11 comments (moderated to prevent spam):

Unknown said...

Hello Mr. Sujitpal,

My name is Maruf, from Turkey. I have research on siamese like your post on website. I need to find extract vector using siamese from input images like your project.

İf it is not private, could you share source code with me?

Regards..

Sujit Pal said...

Hi Maruf, my code is public, it's available in the github repository sujitpal/holiday-similarity.

Unknown said...

Oh I m sorry , I didn't see it.

Thanks for answering.

Anonymous said...

Hello,
I believe that you did a great job but I really did not got what the preprocessor exactly do and why it only accept batch of images ?

Sujit Pal said...

The preprocessor is used to generate variations on the input images, by rotating it slightly, cropping it, etc. Keras provides the ImageDataGenerator class that I used. I think it only accepts batches of images because it is meant for online use, ie, as a transformer placed between your input image pairs and the network during training. Even in batch mode, it is preferable to pass batches of images to it, since the network will parallelize operations against the batch (to the extent possible).

Unknown said...

Hi Sujit,

Awesome blog. Tons of useful information.
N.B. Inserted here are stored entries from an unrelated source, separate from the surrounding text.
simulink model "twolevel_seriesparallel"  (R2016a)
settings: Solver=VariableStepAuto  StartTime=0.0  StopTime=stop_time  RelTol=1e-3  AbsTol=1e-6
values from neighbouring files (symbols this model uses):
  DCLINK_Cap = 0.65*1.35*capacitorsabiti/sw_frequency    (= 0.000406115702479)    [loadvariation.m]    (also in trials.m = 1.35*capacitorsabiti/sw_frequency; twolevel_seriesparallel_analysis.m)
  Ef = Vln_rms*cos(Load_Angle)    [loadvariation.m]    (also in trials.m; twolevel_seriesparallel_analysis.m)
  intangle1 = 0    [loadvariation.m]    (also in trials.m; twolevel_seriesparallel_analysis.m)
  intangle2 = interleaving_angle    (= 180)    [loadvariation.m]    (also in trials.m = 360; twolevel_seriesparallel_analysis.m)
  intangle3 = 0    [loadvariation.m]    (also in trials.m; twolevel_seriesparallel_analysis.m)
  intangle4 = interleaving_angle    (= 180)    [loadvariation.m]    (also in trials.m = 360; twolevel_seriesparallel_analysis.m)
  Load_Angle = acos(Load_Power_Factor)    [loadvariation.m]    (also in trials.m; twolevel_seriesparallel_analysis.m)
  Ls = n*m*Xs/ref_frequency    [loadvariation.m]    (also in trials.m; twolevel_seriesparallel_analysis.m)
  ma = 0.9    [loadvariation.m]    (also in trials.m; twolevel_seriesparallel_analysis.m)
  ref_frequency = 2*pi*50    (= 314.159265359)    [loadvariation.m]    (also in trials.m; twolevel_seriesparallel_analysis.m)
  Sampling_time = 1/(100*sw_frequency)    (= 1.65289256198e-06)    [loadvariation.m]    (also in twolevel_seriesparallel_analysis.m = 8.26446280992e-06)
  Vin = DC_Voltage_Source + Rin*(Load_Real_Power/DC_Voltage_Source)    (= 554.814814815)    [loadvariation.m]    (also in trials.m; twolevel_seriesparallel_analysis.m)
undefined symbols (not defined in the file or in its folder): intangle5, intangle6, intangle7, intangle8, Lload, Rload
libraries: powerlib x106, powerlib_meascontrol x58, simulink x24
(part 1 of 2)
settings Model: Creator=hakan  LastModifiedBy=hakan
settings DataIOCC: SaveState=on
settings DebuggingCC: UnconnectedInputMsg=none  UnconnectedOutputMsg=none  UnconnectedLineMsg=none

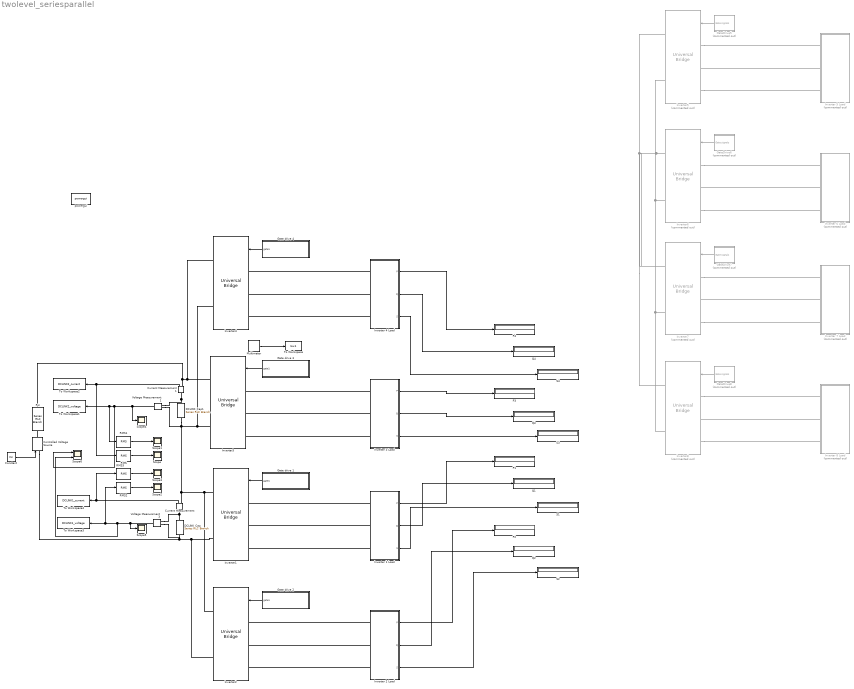
== system twolevel_seriesparallel ==
  Constant : Constant  Value=Vin
  Controlled Voltage Source : powerlib/Electrical Sources/Controlled Voltage Source  Initialize=on  Source_Type=AC  Amplitude=0  Phase=0  Frequency=0  Measurements=None
  Current Measurement : powerlib/Measurements/Current Measurement  PhasorSimulation=off  OutputType=Complex  PSBequivalent=0
  Current Measurement1 : powerlib/Measurements/Current Measurement  PhasorSimulation=off  OutputType=Complex  PSBequivalent=0
  DCLINK_Cap : powerlib/Elements/Series RLC Branch  LConnTagsString=__new0  RConnTagsString=__new0  BranchType=C  Resistance=1  Inductance=1e-3  SetiL0=off  InitialCurrent=0  Capacitance=DCLINK_Cap  Setx0=on  InitialVoltage=270  Measurements=None
  DCLINK_Cap1 : powerlib/Elements/Series RLC Branch  LConnTagsString=__new0  RConnTagsString=__new0  BranchType=C  Resistance=1  Inductance=1e-3  SetiL0=off  InitialCurrent=0  Capacitance=DCLINK_Cap  Setx0=on  InitialVoltage=270  Measurements=None
  Gate drive 1 : Subsystem
  Gate drive 2 : Subsystem
  Gate drive 3 : Subsystem
  Gate drive 4 : Subsystem
  GateDrive5 : Subsystem  Commented=on
  GateDrive6 : Subsystem  Commented=on
  GateDrive7 : Subsystem  Commented=on
  GateDrive8 : Subsystem  Commented=on
  Inverter 1 Load : Subsystem
  Inverter 2 Load : Subsystem
  Inverter 3 Load : Subsystem
  Inverter 4 Load : Subsystem
  Inverter 5 Load : Subsystem  Commented=on
  Inverter 6 Load : Subsystem  Commented=on
  Inverter 7 Load : Subsystem  Commented=on
  Inverter 8 Load : Subsystem  Commented=on
  Inverter1 : powerlib/Power Electronics/Universal Bridge  Arms=3  SnubberResistance=1e5  SnubberCapacitance=inf  Device=IGBT / Diodes  Ron=1e-3  Lon=0  ForwardVoltages="[  0  0  ]"  ForwardVoltage=0  GTOparameters=[ 10e-6 , 20e-6 ]  IGBTparameters=[ 1e-6 , 2e-6 ]  Measurements=None  Measurements_2=None  converterType=Rectifier
  Inverter2 : powerlib/Power Electronics/Universal Bridge  Arms=3  SnubberResistance=1e5  SnubberCapacitance=inf  Device=IGBT / Diodes  Ron=1e-3  Lon=0  ForwardVoltages="[  0  0  ]"  ForwardVoltage=0  GTOparameters=[ 10e-6 , 20e-6 ]  IGBTparameters=[ 1e-6 , 2e-6 ]  Measurements=None  Measurements_2=None  converterType=Rectifier
  Inverter3 : powerlib/Power Electronics/Universal Bridge  Arms=3  SnubberResistance=1e5  SnubberCapacitance=inf  Device=IGBT / Diodes  Ron=1e-3  Lon=0  ForwardVoltages="[  0  0  ]"  ForwardVoltage=0  GTOparameters=[ 10e-6 , 20e-6 ]  IGBTparameters=[ 1e-6 , 2e-6 ]  Measurements=All voltages and currents  Measurements_2=None  converterType=Rectifier
  Inverter4 : powerlib/Power Electronics/Universal Bridge  Arms=3  SnubberResistance=1e5  SnubberCapacitance=inf  Device=IGBT / Diodes  Ron=1e-3  Lon=0  ForwardVoltages="[  0  0  ]"  ForwardVoltage=0  GTOparameters=[ 10e-6 , 20e-6 ]  IGBTparameters=[ 1e-6 , 2e-6 ]  Measurements=None  Measurements_2=None  converterType=Rectifier
  Inverter{5..8} (4 alike) : powerlib/Power Electronics/Universal Bridge  Commented=on  Arms=3  SnubberResistance=1e5  SnubberCapacitance=inf  Device=IGBT / Diodes  Ron=1e-3  Lon=0  ForwardVoltages="[  0  0  ]"  ForwardVoltage=0  GTOparameters=[ 10e-6 , 20e-6 ]  IGBTparameters=[ 1e-6 , 2e-6 ]  Measurements=None  Measurements_2=None  converterType=Rectifier
  Multimeter : powerlib/Measurements/Multimeter  PhasorSimulation=off  OutputType=Complex  sel=11  L=16  Gain=1  yselected={'Isw1: Inverter3'};  PSBOutputType=1  PSBequivalent=0  AxesSetting=[0,0.1,-100,100]  Display=0  SavedBlockNames=-11
  P{1..4} (4 alike) : Display
  Q{1..4} (4 alike) : Display
  RMS{,1..3} (4 alike) : powerlib_meascontrol/Measurements/RMS  TrueRMS=on  Freq=Load_Nominal_Freq  RMSInit=10  Ts=0
  Rin : powerlib/Elements/Series RLC Branch  LConnTagsString=__new0  RConnTagsString=__new0  BranchType=R  Resistance=1  Inductance=1e-3  SetiL0=off  InitialCurrent=0  Capacitance=1000e-6  Setx0=off  InitialVoltage=0  Measurements=None
  S{1..4} (4 alike) : Display
  Scope{,1..5} (6 alike) : Scope
  Scope6 : Scope  NumInputPorts=2
  To Workspace : ToWorkspace  VariableName=Isw1  SaveFormat=Structure With Time  SampleTime=-1
  To Workspace1 : ToWorkspace  VariableName=DCLINK2_voltage  SaveFormat=Structure With Time  SampleTime=-1
  To Workspace2 : ToWorkspace  VariableName=DCLINK2_current  SaveFormat=Structure With Time  SampleTime=-1
  To Workspace3 : ToWorkspace  VariableName=DCLINK1_voltage  SaveFormat=Structure With Time  SampleTime=-1
  To Workspace4 : ToWorkspace  VariableName=DCLINK1_current  SaveFormat=Structure With Time  SampleTime=-1
  Voltage Measurement1 : powerlib/Measurements/Voltage Measurement  PhasorSimulation=off  OutputType=Complex  PSBequivalent=0
  Voltage Measurement3 : powerlib/Measurements/Voltage Measurement  PhasorSimulation=off  OutputType=Complex  PSBequivalent=0
  powergui : powerlib/powergui  Priority=1  SimulationMode=Discrete  SolverType=Tustin/Backward Euler (TBE)  SampleTime=Sampling_time  frequency=60  SPID=off  DisableSnubberDevices=off  DisableRonSwitches=off  DisableVfSwitches=off  SwTol=0  DisplayEquations=off  Interpol=off  ExternalGateDelay=off  methode=off  Ts=10  FunctionMessages=off  echomessages=off  HookPort=off  EnableUseOfTLC=off  x0status=blocks  frequencyindice=0  Pbase=100e6  ErrMax=1e-4  Iterations=50  UnitsV=kV  UnitsW=MW  buscounter=0  RestoreLinks=warning  ResistiveCurrentMeasurement=off  Frange=[0:2:500]  Ylog=off  Xlog=on  ShowGrid=off  save=off  variable=ZData  structure=DCLINK1_current  ZoomFFT=off  StartTime=0  cycles=35  DisplayStyle=4  fundamental=50  FreqAxis=off  MaxFrequency=300000  frequencyindicesteady=1  RmsSteady=1  display=off
  wires:
  Constant/1 -> Controlled Voltage Source/1
  Gate drive 1/1(gate1) -> Inverter1/1
  Current Measurement/1 -> RMS3/1, To Workspace4/1
  Gate drive 2/1(gate1) -> Inverter2/1
  GateDrive5/1(Gate signals) -> Inverter5/1
  GateDrive6/1(Gate signals) -> Inverter6/1
  GateDrive7/1(Gate signals) -> Inverter7/1
  GateDrive8/1(Gate signals) -> Inverter8/1
  Current Measurement1/1 -> RMS/1, To Workspace2/1
  Voltage Measurement1/1 -> Scope4/1, Scope6/1, RMS1/1, To Workspace1/1
  RMS/1 -> Scope/1
  RMS1/1 -> Scope1/1
  RMS2/1 -> Scope2/1
  RMS3/1 -> Scope3/1
  Voltage Measurement3/1 -> Scope6/2, RMS2/1, To Workspace3/1, Scope5/1
  Gate drive 4/1(gate1) -> Inverter4/1
  Gate drive 3/1(gate1) -> Inverter3/1
  Inverter 1 Load/2(Q) -> Q1/1
  Inverter 1 Load/3(S) -> S1/1
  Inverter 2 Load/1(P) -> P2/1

Question about finding similar images,

Using satellite image in google maps, if we select an area such as building or farm (e.g 100x100 pixels),

is it possible to find similar looking images (buildings/farms) else where in the world in keras.

Appreciate any thoughts.

Thanks
Venu

Sujit Pal said...

Thanks and that would be an awesome application with maybe applications in tourism and intelligence, and yes, you could use a model similar to the one I described.

Unknown said...

Thanks Mr. Sujit Pal for your wonderful post. I've learned a lot from it. I would appreciate your advise on how to "transfer" your approach to a related but slightly different problem. In this problem, I have a training set of images, some of which correspond to identified individuals and some to unknown individuals. The model has to learn to distinguish two images from the same individual from those from a given individual and another different individual or a non-identified individual. Until now, except for the non-identified individuals issue, the approach could be similar to yours. The problem is that I would like to generate representations for each identified individual, so that when a new image comes, I can search for the identified individuals with the closes representation by just comparing representations, not going through the network with the new image for every single identified individual. Any advice?

Thanks again for your wonderful post.
Juan Carlos

Sujit Pal said...

Sorry for the delay in responding, I didn't realize I wasn't being notified for comments. If this is still a problem, here is my answer -- I doubt if the raw embeddings you transfer from a trained network will be good enough for your application. One possibility is to train a model per person, maybe if you have enough labeled data, say from a security camera where the person checks in by swiping his ID or showing some other form of identification. If all models say they cannot recognize, then you have a new person.

Unknown said...

SIR PLEASE HELP ME FOR APPLYING SIAMESE NETWORK FOR DIABETIC RETINOPATHY DETECTION HOW TO IMPLEMENT THIS FOR DIABETIC DATASET.

Sujit Pal said...

First off apologies for the delayed reply. And assuming this information is still relevant, ...

Siamese networks learn to distinguish between two images, so it would be able to predict that an image showing a diabetic retina and a healthy retina are different. Given that the diabetes dataset has the retina images labeled as diabetes / not diabetes, it might be just easier to fine-tune a large RESNET or similar model. Assuming you really want to build a Siamese network, you could preprocess the data into pairs of similar vs dis-similar images. Note that if you do so, do not use the code in this blog post, since as you see in the update, this is not really a Siamese network, just two towers and not really effective, you need to share the weights across the two towers for it to be a Siamese network.